Peter Jaszi is faculty director of the Glushko-Samuelson Intellectual Property Law Clinic and professor of law. He holds expertise in intellectual property and copyright law. He was Pauline Ruvle Moore Scholar in Public Law from 1981-82; Outstanding Faculty Scholarship Awardee in 1982; and he received the AU Faculty Award for Outstanding Contributions to Academic Development in 1996. He is a member of the Selden Society (state correspondent for Washington, D.C.). Previously he was a member of the Copyright Society of the U.S.A. trustee, 1992-94; International Association for the Advancement of Teaching and Research in Intellectual Property; National Zoological Park, Washington, D.C., Animal Welfare Board, 1986-present; Library of Congress Advisory Committee on Copyright Registration and Deposit (ACCORD), 1993. He has written many chapters, articles and monographs on copyright, intellectual property, technology and other issues. He was editor of The Construction of Authorship: Textual Appropriation in Law and Literature Durham, N.C.: Duke University Press, 1994 (with M. Woodmansee) (also published as a law journal issue, 10 Cardozo Arts and Entertainment Law Journal 274, 1992). He is co-author of Legal Issues in Addict Diversion (Lexington Books, 1976) and Copyright Law, Third Edition (Matthew Bender & Co., 1994).

Recut, Reframe, Recycle: An Interview with Pat Aufderheide and Peter Jaszi (Part One)

I am posting tonight from the west coast, having flown out to California to participate in 24/7 A DYI Video Summit being hosted by the University of Southern California. The event brings together videomakers from a range of different communities -- everything from fan video producers to activists who use Youtube to get their messages out to the world. I am thrilled to be participating on a plenary panel on the future of DYI Video, featuring Yochai Benkler, John Seely Brown, Joi Ito, and Lawrence Lessig, hosted by Howard Rheingold. As I was getting ready to head out to the conference, I conducted an interview for the blog with media scholar Pat Aufderheide (of the Center for Social Media) and Law Professor Peter Jaszi, both from American University. I've long been interested in the work Pat and Peter have been doing promoting fair use in relation to a range of different communities of practice -- including documentary filmmakers, media literacy instructors, and producers of online video content. We featured some of the work they were doing through the Media in Transition conference at MIT last year. You can hear a podcast of that discussion online. I wanted to check in with them because in the past few months, they've issued several major new studies on the impact of copyright confusion on our culture, work which is setting the stage for efforts to identify "best practices" and to negotiate "acceptable use" standards to broaden the protections afforded those of us who are tying to integrate media production activities into our classrooms or who are involved in mashing up content as a form of expressive practice. Today, I am running the first installment of this exchange.

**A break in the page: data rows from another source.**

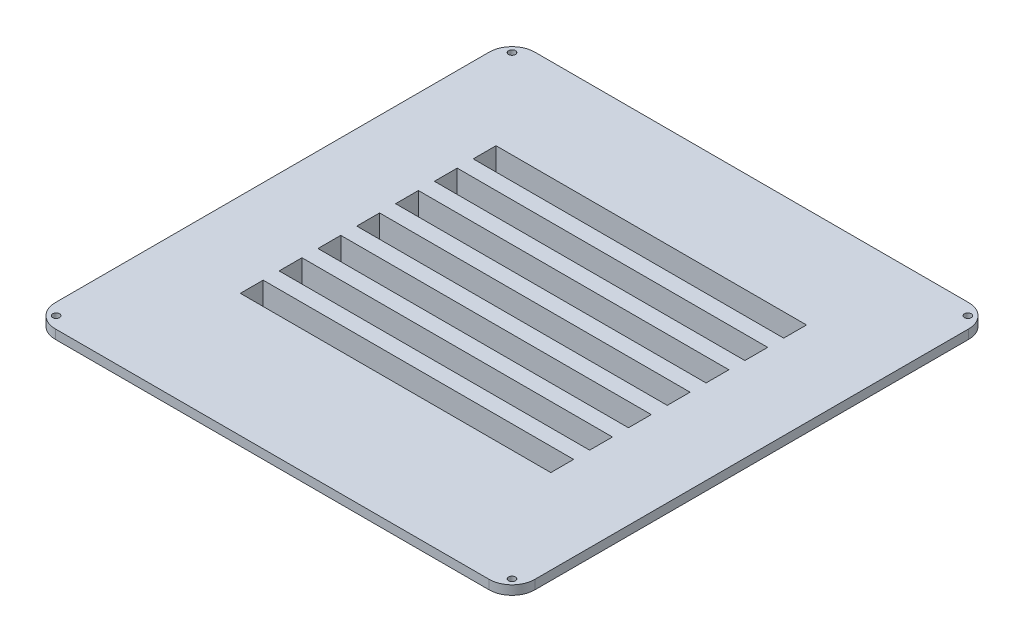
SolidWorks part; units mm, degrees
ref_plane "Front Plane" through (0, 0, 0) normal (0, 0, 1) x (1, 0, 0)
ref_plane "Top Plane" through (0, 0, 0) normal (0, 1, 0) x (1, 0, 0)
ref_plane "Right Plane" through (0, 0, 0) normal (1, 0, 0) x (0, 0, -1)
sketch "Sketch1" plane through (0, 0, 0) normal (0, 1, 0) x (1, 0, 0)
  line L0 (-101, -101) -> (-101, 101)
  line L5 (-105, -105) -> (105, -105)
  line L6 (-105, -105) -> (-105, 105)
  line L7 (-105, 105) -> (105, 105)
  line L8 (105, -105) -> (105, 105)
  line L9 (-101, 101) -> (101, 101)
  line L10 (101, -101) -> (101, 101)
  line L11 (-101, -101) -> (101, -101)
  line L12 (-101, 101) -> (-99.8333, 99.8333) construction
  line L13 (-55, 0) -> (55, 0) construction
  line L14 (-101, -101) -> (-99.8333, -99.8333) construction
  line L15 (0, -55) -> (0, 55) construction
  line L16 (101, -101) -> (99.8333, -99.8333) construction
  line L17 (101, 101) -> (99.8333, 99.8333) construction
  circle A1 centre (-99.8333, 99.8333) radius 1.5
  circle A2 centre (-99.8333, -99.8333) radius 1.5
  circle A3 centre (99.8333, -99.8333) radius 1.5
  circle A4 centre (99.8333, 99.8333) radius 1.5
  point P0 (0, 0)
  point P6 (-105, 0)
  point P7 (0, 105)
  dimension "D3" = 4
  dimension "D4" = 3
  dimension "D1" = 210
  dimension "D2" = 210
  dimension "D5" = 1.65
  dimension "D6" = 45
extrude "MainExtrude" add sketch "Sketch1" along normal blind 4 contours L6 L5 L8 L7
extrude "ScrewHoles" cut sketch "Sketch1<6>" along normal up to surface (4 mm away) contours A1 | A2 | A3 | A4 up to face at (0, 4, 0)
sketch "Sketch1<6>" plane through (0, 0, 0) normal (0, 1, 0) x (1, 0, 0) same geometry as "Sketch1"
fillet "RoundedCorners" radius 10 4 edges at (-105, 2, -105) (-105, 2, 105) (105, 2, -105) (105, 2, 105)
sketch "Sketch3" plane through (0, 0, 0) normal (0, 1, 0) x (1, 0, 0)
  line L2 (-68, 61) -> (-68, 51)
  line L4 (68, 61) -> (68, 51)
  line L17 (-68, 56) -> (68, 56) construction
  line L19 (-68, 39) -> (68, 39) construction
  line L21 (-68, 22) -> (68, 22) construction
  line L23 (-68, 5) -> (68, 5) construction
  line L24 (-68, 51) -> (68, 51)
  line L30 (-68, -12) -> (68, -12) construction
  line L32 (-68, -29) -> (68, -29) construction
  line L34 (-68, -46) -> (68, -46) construction
  line L58 (-68, 34) -> (68, 34)
  line L59 (-68, 17) -> (68, 17)
  line L60 (-68, 0) -> (68, 0)
  line L61 (-68, -17) -> (68, -17)
  line L62 (-68, -34) -> (68, -34)
  line L65 (-68, -51) -> (68, -51)
  line L66 (-68, 61) -> (68, 61)
  line L97 (-68, 44) -> (68, 44)
  line L98 (-68, 27) -> (68, 27)
  line L106 (-68, 10) -> (68, 10)
  line L107 (-68, -7) -> (68, -7)
  line L135 (-68, -24) -> (68, -24)
  line L136 (-68, -41) -> (68, -41)
  line L140 (68, 44) -> (68, 34)
  line L141 (-68, 44) -> (-68, 34)
  line L142 (-68, 27) -> (-68, 17)
  line L143 (68, 27) -> (68, 17)
  line L144 (-68, 10) -> (-68, 0)
  line L145 (68, 10) -> (68, 0)
  line L146 (-68, -7) -> (-68, -17)
  line L147 (68, -7) -> (68, -17)
  line L148 (-68, -24) -> (-68, -34)
  line L149 (68, -24) -> (68, -34)
  line L150 (-68, -41) -> (-68, -51)
  line L151 (68, -41) -> (68, -51)
  point P47 (0, 0)
  dimension "D1" = 5
  dimension "D2" = 5
  dimension "D3" = 17
  dimension "D4" = 17
  dimension "D5" = 17
  dimension "D6" = 17
  dimension "D7" = 17
  dimension "D8" = 17
  dimension "D9" = 136
sketch "Sketch4" plane through (0, 0, 0) normal (0, 1, 0) x (1, 0, 0)
  line L1 (-68, -51) -> (68, -51) construction
  line L2 (-68, -46) -> (68, -46) construction
  line L3 (-68, -41) -> (68, -41) construction
  line L4 (-68, -34) -> (68, -34) construction
  line L5 (-68, -29) -> (68, -29) construction
  line L6 (-68, -24) -> (68, -24) construction
  line L7 (-68, -17) -> (68, -17) construction
  line L8 (-68, -12) -> (68, -12) construction
  line L9 (-68, -7) -> (68, -7) construction
  line L10 (-68, 0) -> (68, 0) construction
  line L11 (-68, 5) -> (68, 5) construction
  line L12 (-68, 10) -> (68, 10) construction
  line L13 (-68, 17) -> (68, 17) construction
  line L14 (-68, 22) -> (68, 22) construction
  line L15 (-68, 27) -> (68, 27) construction
  line L16 (-68, 34) -> (68, 34) construction
  line L17 (-68, 39) -> (68, 39) construction
  line L18 (-68, 44) -> (68, 44) construction
  line L19 (68, 61) -> (68, 51) construction
  line L20 (-68, 51) -> (68, 51) construction
  line L21 (-68, 56) -> (68, 56) construction
  line L22 (-68, 61) -> (68, 61) construction
  line L23 (-68, 61) -> (-68, 51) construction
  line L26 (-68, -51) -> (68, -51)
  line L27 (-68, -46) -> (68, -46) construction
  line L28 (-68, -41) -> (68, -41)
  line L29 (-68, -34) -> (68, -34)
  line L30 (-68, -29) -> (68, -29) construction
  line L31 (-68, -24) -> (68, -24)
  line L32 (-68, -17) -> (68, -17)
  line L33 (-68, -12) -> (68, -12) construction
  line L34 (-68, -7) -> (68, -7)
  line L35 (-68, 0) -> (68, 0)
  line L36 (-68, 5) -> (68, 5) construction
  line L37 (-68, 10) -> (68, 10)
  line L38 (-68, 17) -> (68, 17)
  line L39 (-68, 22) -> (68, 22) construction
  line L40 (-68, 27) -> (68, 27)
  line L41 (-68, 34) -> (68, 34)
  line L42 (-68, 39) -> (68, 39) construction
  line L43 (-68, 44) -> (68, 44)
  line L44 (68, 61) -> (68, 51)
  line L45 (-68, 51) -> (68, 51)
  line L46 (-68, 56) -> (68, 56) construction
  line L47 (-68, 61) -> (68, 61)
  line L48 (-68, 61) -> (-68, 51)
  line L50 (68, 44) -> (68, 34)
  line L51 (-68, 44) -> (-68, 34)
  line L52 (-68, 27) -> (-68, 17)
  line L53 (68, 27) -> (68, 17)
  line L54 (-68, 10) -> (-68, 0)
  line L55 (68, 10) -> (68, 0)
  line L56 (-68, -7) -> (-68, -17)
  line L57 (68, -7) -> (68, -17)
  line L58 (-68, -24) -> (-68, -34)
  line L59 (68, -24) -> (68, -34)
  line L60 (-68, -41) -> (-68, -51)
  line L61 (68, -41) -> (68, -51)
  line L62 (-70, 63) -> (70, 63)
  line L63 (70, 63) -> (70, 49)
  line L64 (-70, 49) -> (70, 49)
  line L65 (-70, 63) -> (-70, 49)
  line L66 (-70, 46) -> (70, 46)
  line L67 (70, 46) -> (70, 32)
  line L68 (-70, 32) -> (70, 32)
  line L69 (-70, 46) -> (-70, 32)
  line L70 (-70, 29) -> (70, 29)
  line L71 (70, 29) -> (70, 15)
  line L72 (-70, 15) -> (70, 15)
  line L73 (-70, 29) -> (-70, 15)
  line L74 (-70, 12) -> (-70, -2)
  line L75 (-70, -2) -> (70, -2)
  line L76 (70, 12) -> (70, -2)
  line L77 (-70, 12) -> (70, 12)
  line L78 (-70, -5) -> (70, -5)
  line L79 (70, -5) -> (70, -19)
  line L80 (-70, -19) -> (70, -19)
  line L81 (-70, -5) -> (-70, -19)
  line L82 (-70, -22) -> (70, -22)
  line L83 (70, -22) -> (70, -36)
  line L84 (-70, -36) -> (70, -36)
  line L85 (-70, -22) -> (-70, -36)
  line L86 (-70, -39) -> (70, -39)
  line L87 (70, -39) -> (70, -53)
  line L88 (-70, -53) -> (70, -53)
  line L89 (-70, -39) -> (-70, -53)
  dimension "D1" = 2
extrude "Trench Walls" add sketch "Sketch4" against normal blind 10
extrude "Trench" cut sketch "Sketch3" along normal blind 12
sketch "Sketch6" plane through (0, -10, 0) normal (0, -1, 0) x (1, 0, 0)
  line L0 (-70, -49) -> (-70, -63) construction
  line L1 (-70, -63) -> (70, -63) construction
  line L2 (70, -63) -> (70, -49) construction
  line L3 (70, -49) -> (-70, -49) construction
  line L4 (-70, -32) -> (-70, -46) construction
  line L5 (-70, -46) -> (70, -46) construction
  line L6 (70, -46) -> (70, -32) construction
  line L7 (70, -32) -> (-70, -32) construction
  line L8 (-70, -15) -> (-70, -29) construction
  line L9 (-70, -29) -> (70, -29) construction
  line L10 (70, -29) -> (70, -15) construction
  line L11 (70, -15) -> (-70, -15) construction
  line L12 (-70, -12) -> (70, -12) construction
  line L13 (70, -12) -> (70, 2) construction
  line L14 (70, 2) -> (-70, 2) construction
  line L15 (-70, 2) -> (-70, -12) construction
  line L16 (-70, 19) -> (-70, 5) construction
  line L17 (-70, 5) -> (70, 5) construction
  line L18 (70, 5) -> (70, 19) construction
  line L19 (70, 19) -> (-70, 19) construction
  line L20 (-70, 36) -> (-70, 22) construction
  line L21 (-70, 22) -> (70, 22) construction
  line L22 (70, 22) -> (70, 36) construction
  line L23 (70, 36) -> (-70, 36) construction
  line L24 (-70, 53) -> (-70, 39) construction
  line L25 (-70, 39) -> (70, 39) construction
  line L26 (70, 39) -> (70, 53) construction
  line L27 (70, 53) -> (-70, 53) construction
  line L28 (-70, -49) -> (-70, -63)
  line L29 (-70, -63) -> (70, -63)
  line L30 (70, -63) -> (70, -49)
  line L31 (70, -49) -> (-70, -49)
  line L32 (-70, -32) -> (-70, -46)
  line L33 (-70, -46) -> (70, -46)
  line L34 (70, -46) -> (70, -32)
  line L35 (70, -32) -> (-70, -32)
  line L36 (-70, -15) -> (-70, -29)
  line L37 (-70, -29) -> (70, -29)
  line L38 (70, -29) -> (70, -15)
  line L39 (70, -15) -> (-70, -15)
  line L40 (-70, -12) -> (70, -12)
  line L41 (70, -12) -> (70, 2)
  line L42 (70, 2) -> (-70, 2)
  line L43 (-70, 2) -> (-70, -12)
  line L44 (-70, 19) -> (-70, 5)
  line L45 (-70, 5) -> (70, 5)
  line L46 (70, 5) -> (70, 19)
  line L47 (70, 19) -> (-70, 19)
  line L48 (-70, 36) -> (-70, 22)
  line L49 (-70, 22) -> (70, 22)
  line L50 (70, 22) -> (70, 36)
  line L51 (70, 36) -> (-70, 36)
  line L52 (-70, 53) -> (-70, 39)
  line L53 (-70, 39) -> (70, 39)
  line L54 (70, 39) -> (70, 53)
  line L55 (70, 53) -> (-70, 53)
extrude "Trench Bottom" add sketch "Sketch6" along normal blind 2
equation "\"1_LED\"= 17mm"
equation "\"2_LED\"= \"1_LED\" * 2"
equation "\"3_LED\"= \"1_LED\" * 3"
equation "\"4_LED\"= \"1_LED\" * 4"
equation "\"5_LED\"= \"1_LED\" * 5"
equation "\"6_LED\"= \"1_LED\" * 6"
equation "\"7_LED\"= \"1_LED\" * 7"
equation "\"8_LED\"= \"1_LED\" * 8"
equation "\"9_LED\"= \"1_LED\" * 9"
equation "\"10_LED\"= \"1_LED\" * 10"
equation "\"11_LED\"= \"1_LED\" * 11"
equation "\"12_LED\"= \"1_LED\" * 12"

A recent study by the Pew Center for Internet Research suggests that almost 60 percent of teens on line have produced their own media content and a growing percentage of them are circulating that content beyond their immediate friends and families. What are the implications of this growth of grassroots media production for our current understandings of fair use?

PA: A more participatory media culture is definitely going mainstream. While it's still true that many more people watch than make at the moment, you're right to point out that young people are growing up as makers, and seizing upon blogs, online video and social networks to express and even form their identities. There are DaxFlame aficionados, and there are dozens of take-offs on "Dick in a Box," and "Dramatic Chipmunk" has spawned "Dramatic Snake" and "Dramatic Squirrel" and even compilation and fan websites for the phenomenon.

Many practices enthusiastically being pioneered and developed online involve use of copyrighted material. That's normal for new cultural creation. It builds on existing culture. Our culture is markedly commercial and popular, and our current copyright regime features default copyright (your grocery list is copyrighted when you've written it down) and very, very long terms (meaning that nothing you'd want to quote ever seems to fall into the public domain). So quoting of copyrighted culture will continue to be a key tool of new cultural producers.

Those new cultural producers often today believe that they're doing something illegal by quoting copyrighted culture. That's partly because of relentless miseducation on the part of corporate owners of content. They are justifiably terrified of peer-to-peer file sharing and other digital copying that threatens their business models. Their response has been to demonize all unauthorized use of copyrighted material as theft and piracy.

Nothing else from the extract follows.